Global – how is your decision making and calls to action for 2020 adding to the social license agenda, boosting the ecosystem and taking responsibility to be a part of positive change to do no harm for all

Let’s explore the 2020 #decisionmaking journey together:

Local ……Coffee shop

I begin this #decisionmaking journey and the decisions needed to enable 2020 to be better by reflecting on the sudden closing of my local coffee shop. In this reflection I am also reminded of Hugh Mackay’s strong call to action of the importance of compassion and how in our fast-paced times of uncertainty there is simply not enough compassion. The link between coffee and compassion is more than the letter ‘C’ as it represents the new kind of 21st century tribe. In our connected but distracted times often the sense of community or point of human connection happens as a result of your regular habits – such as going to the coffee shop. This translates that more often than not the place of your compassion giving and receiving can be wrapped around every day simple tasks – just like ordering your coffee. 

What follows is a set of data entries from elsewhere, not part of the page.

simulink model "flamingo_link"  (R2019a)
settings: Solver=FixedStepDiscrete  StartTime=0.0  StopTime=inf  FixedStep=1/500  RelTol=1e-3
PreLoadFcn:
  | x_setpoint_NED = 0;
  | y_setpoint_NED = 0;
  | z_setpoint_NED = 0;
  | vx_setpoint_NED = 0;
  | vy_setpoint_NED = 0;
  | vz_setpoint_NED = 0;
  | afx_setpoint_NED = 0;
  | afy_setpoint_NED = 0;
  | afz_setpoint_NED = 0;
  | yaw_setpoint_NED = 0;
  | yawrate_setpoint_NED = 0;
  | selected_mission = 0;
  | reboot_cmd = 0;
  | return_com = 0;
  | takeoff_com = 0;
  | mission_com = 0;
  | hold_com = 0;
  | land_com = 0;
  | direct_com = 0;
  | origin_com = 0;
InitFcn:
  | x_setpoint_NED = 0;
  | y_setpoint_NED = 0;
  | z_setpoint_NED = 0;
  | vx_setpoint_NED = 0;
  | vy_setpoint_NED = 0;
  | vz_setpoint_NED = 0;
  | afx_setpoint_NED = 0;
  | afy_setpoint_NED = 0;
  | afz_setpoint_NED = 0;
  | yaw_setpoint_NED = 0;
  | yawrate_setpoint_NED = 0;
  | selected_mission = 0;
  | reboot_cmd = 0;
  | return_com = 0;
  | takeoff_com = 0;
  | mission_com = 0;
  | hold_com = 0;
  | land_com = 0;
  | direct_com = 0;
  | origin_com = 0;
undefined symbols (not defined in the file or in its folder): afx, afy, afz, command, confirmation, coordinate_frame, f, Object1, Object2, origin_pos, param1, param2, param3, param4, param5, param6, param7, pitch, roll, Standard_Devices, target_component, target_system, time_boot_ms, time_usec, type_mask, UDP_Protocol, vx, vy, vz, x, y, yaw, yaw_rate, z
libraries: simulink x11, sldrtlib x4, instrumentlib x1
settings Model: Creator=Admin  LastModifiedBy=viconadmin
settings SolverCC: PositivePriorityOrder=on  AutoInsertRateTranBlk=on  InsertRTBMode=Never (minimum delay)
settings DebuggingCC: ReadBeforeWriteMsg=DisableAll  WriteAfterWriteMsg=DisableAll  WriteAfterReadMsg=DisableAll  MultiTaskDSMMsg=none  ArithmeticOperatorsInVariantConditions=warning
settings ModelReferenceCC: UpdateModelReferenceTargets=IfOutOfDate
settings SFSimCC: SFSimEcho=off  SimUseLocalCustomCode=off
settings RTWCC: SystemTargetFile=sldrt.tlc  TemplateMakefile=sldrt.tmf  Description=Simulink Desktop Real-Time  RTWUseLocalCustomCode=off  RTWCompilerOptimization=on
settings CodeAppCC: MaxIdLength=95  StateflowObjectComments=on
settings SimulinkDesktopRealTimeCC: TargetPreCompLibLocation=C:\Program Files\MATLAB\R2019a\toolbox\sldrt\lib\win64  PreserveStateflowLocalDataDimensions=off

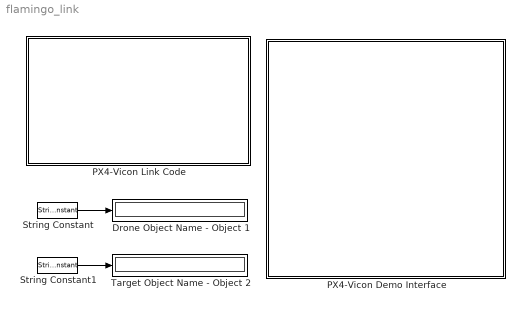
== system flamingo_link ==
  Drone Object Name - Object 1 : Display
  PX4-Vicon Demo Interface : Subsystem
  PX4-Vicon Link Code : Subsystem
  String Constant : StringConstant  String=Object1
  String Constant1 : StringConstant  String=Object2
  Target Object Name - Object 2 : Display
  wires:
  String Constant/1 -> Drone Object Name - Object 1/1
  String Constant1/1 -> Target Object Name - Object 2/1

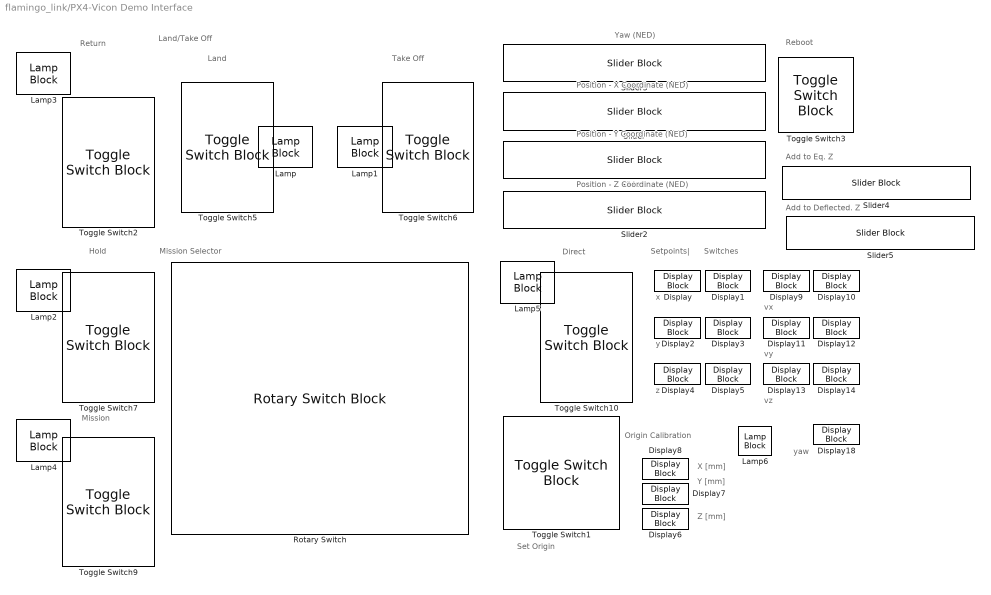
== system flamingo_link/PX4-Vicon Demo Interface ==
  note: Position - X Coordinate (NED)
  note: Position - Y Coordinate (NED)
  note: Position - Z Coordinate (NED)
  note: Yaw (NED)
  note: Mission Selector
  note: Setpoints|
  note: Switches
  note: x
  note: y
  note: z
  note: yaw
  note: Mission
  note: Direct
  note: Hold
  note: Return
  note: Take Off
  note: Land
  note: Land/Take Off
  note: Set Origin
  note: X [mm]
  note: Y [mm]
  note: Z [mm]
  note: Origin Calibration
  note: Reboot
  note: vz
  note: vx
  note: vy
  note: Add to Eq. Z
  note: Add to Deflected. Z
  Display{,1..14,18} (16 alike) : DisplayBlock  LabelPosition=Hide  Format=short
  Lamp{,1..6} (7 alike) : LampBlock  LabelPosition=Hide
  Rotary Switch : RotarySwitchBlock  LabelPosition=Hide
      settings: Values={{'Hold Origin', 'Pulses X', 'Circle'}, [0 1 2]}
  Slider : SliderBlock  LabelPosition=Hide  ScaleMin=-0.5  ScaleMax=0.5  TickInterval=0.10000000000000001
  Slider1 : SliderBlock  LabelPosition=Hide  ScaleMin=-0.5  ScaleMax=0.5  TickInterval=0.10000000000000001
  Slider2 : SliderBlock  LabelPosition=Hide  ScaleMin=-1.5  ScaleMax=0  TickInterval=0.10000000000000001
  Slider3 : SliderBlock  LabelPosition=Hide  ScaleMin=-3  ScaleMax=3
  Slider4 : SliderBlock  LabelPosition=Hide  ScaleMin=-0.14999999999999999  ScaleMax=0.14999999999999999
  Slider5 : SliderBlock  LabelPosition=Hide  ScaleMin=-0.14999999999999999  ScaleMax=0.14999999999999999
  Toggle Switch{1..3,5..7,9..10} (8 alike) : ToggleSwitchBlock  LabelPosition=Hide

== system flamingo_link/PX4-Vicon Link Code ==
  note: MAVLink PX4 Interface Telemetry
  note: MAVLink PX4 Interface Motion Capture
  Data Manipulation : Subsystem
  Decode PX4  Telemetry Data - MAVLink : S-Function  FunctionName=sfun_decode_mavlink  SFunctionDeploymentMode=off  EnableBusSupport=off
  Mavlink Encoded - UDP Packet Output : sldrtlib/Packet Output  SampleTime=1/50  MaxMissedTicks=inf  ShowMissedTicks=off  YieldWhenWaiting=off  DrvName=Standard_Devices/UDP_Protocol  DrvAddress=14551  DrvOptions=[0 14556 48 46 48 46 48 46 48 0 0 0 0 0 0 0 0 0 0 0 0 0 0 0 0 0 0 0 0 0 0 0 0 0 0 0 0 0 0 0 0 0 0 0 0 0 0 0 0 0 0 0 0 0 0 0 0 0 0 0 0 0 0 0 0 0 0 0 0 0 0 0 0 0 0 0 0 0 0 0 0 0 0 0 0 0 0 0 0 0 0 0 0 0 0 0 0 0 0 0 0 0 0 0 0 0 0 0 0 0 0 0 0 0 0 0 0 0 0 0 0 0 0 0 0 0 0 0 0 0 0 0 0 0 0 0 0 0 0 0 0 0 0 0 0 0 0 0 0 0 0 0 0 0 0 0 0 0 0 0 0 0 0 0 0 0 0 0 0 0 0 0 0 0 0 0 0 0 0 0 0 0 0 0 0 0 0 0 0 0 0 0 0 0 0 0 0 0 0 0 0 0 0 0 0 0 0 0 0 0 0 0 0 0 0 0 0 0 0 0 0 0 0 0 0 0 0 0 0 0 0 0 0 0 0 0 0 0 0 0 0 0 0 0 0 0 0 0 0 0 0 0 0 0 0 0]  PacketSize=65  DataTypes='65*uint8'  ShowReady=off  ShowError=off  PacketID=1  ByteOrder=1  InitialValue=[]  FinalValue=[]
      settings: AttributesFormatString=UDP Protocol [14551]  SourceProductName=Simulink Desktop Real-Time
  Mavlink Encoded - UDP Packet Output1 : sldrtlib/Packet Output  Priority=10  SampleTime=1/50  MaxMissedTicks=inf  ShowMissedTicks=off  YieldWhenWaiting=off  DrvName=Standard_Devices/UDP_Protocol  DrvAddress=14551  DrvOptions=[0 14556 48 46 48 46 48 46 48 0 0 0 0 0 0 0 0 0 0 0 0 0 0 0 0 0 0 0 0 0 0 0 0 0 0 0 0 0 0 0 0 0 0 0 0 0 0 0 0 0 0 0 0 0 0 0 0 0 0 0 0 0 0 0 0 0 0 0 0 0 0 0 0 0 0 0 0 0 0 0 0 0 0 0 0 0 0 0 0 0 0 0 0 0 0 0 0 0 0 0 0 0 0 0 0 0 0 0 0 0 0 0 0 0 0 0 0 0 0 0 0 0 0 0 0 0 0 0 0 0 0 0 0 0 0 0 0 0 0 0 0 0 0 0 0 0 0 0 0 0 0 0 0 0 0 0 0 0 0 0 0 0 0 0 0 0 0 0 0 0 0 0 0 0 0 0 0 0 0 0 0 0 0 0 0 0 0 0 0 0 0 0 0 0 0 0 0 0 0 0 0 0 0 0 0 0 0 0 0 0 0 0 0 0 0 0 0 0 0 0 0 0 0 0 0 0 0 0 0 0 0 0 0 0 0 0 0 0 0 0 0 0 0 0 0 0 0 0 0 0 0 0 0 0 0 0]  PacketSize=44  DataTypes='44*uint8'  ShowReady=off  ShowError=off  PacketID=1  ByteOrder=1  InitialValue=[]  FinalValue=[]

There is another interesting level to my reflection as I don’t drink coffee and as an act of compassion, I get my husband’s morning coffee on my way back from the gym – his act of compassion is making us breakfast. One morning as I walked past my usual coffee shop all was closed up which was most unusual, and my immediate thoughts were oops someone has slept in – there will be some banter to be had with them later.

I return two hours later and to my shock the coffee shop looks the same – all closed dark and void of coffee or compassion – in fact it had taken on a different persona and one that was nowhere near as inviting. I was not prepared for my reaction and feeling of immediate panic and upon reflection I realize this was not necessarily related to my immediate decision as to where to get the mornings coffee but more about the loss of something important -my tribe. (Vale Coffee Box Pyrmont

The coffee shop is such a great example of how one decision can have a knock-on effect way beyond your intentions. In the case of the coffee shop I will never know the realities behind their sudden closure. Word on the coffee tribe street is that the reasons were unknown but whatever the issues were they resulted in an immediate ceasing of the contract. The resulting loss I feel is equally shared between not being able to be prepared and having no time to plan for a closure or more to the point immediate departure. 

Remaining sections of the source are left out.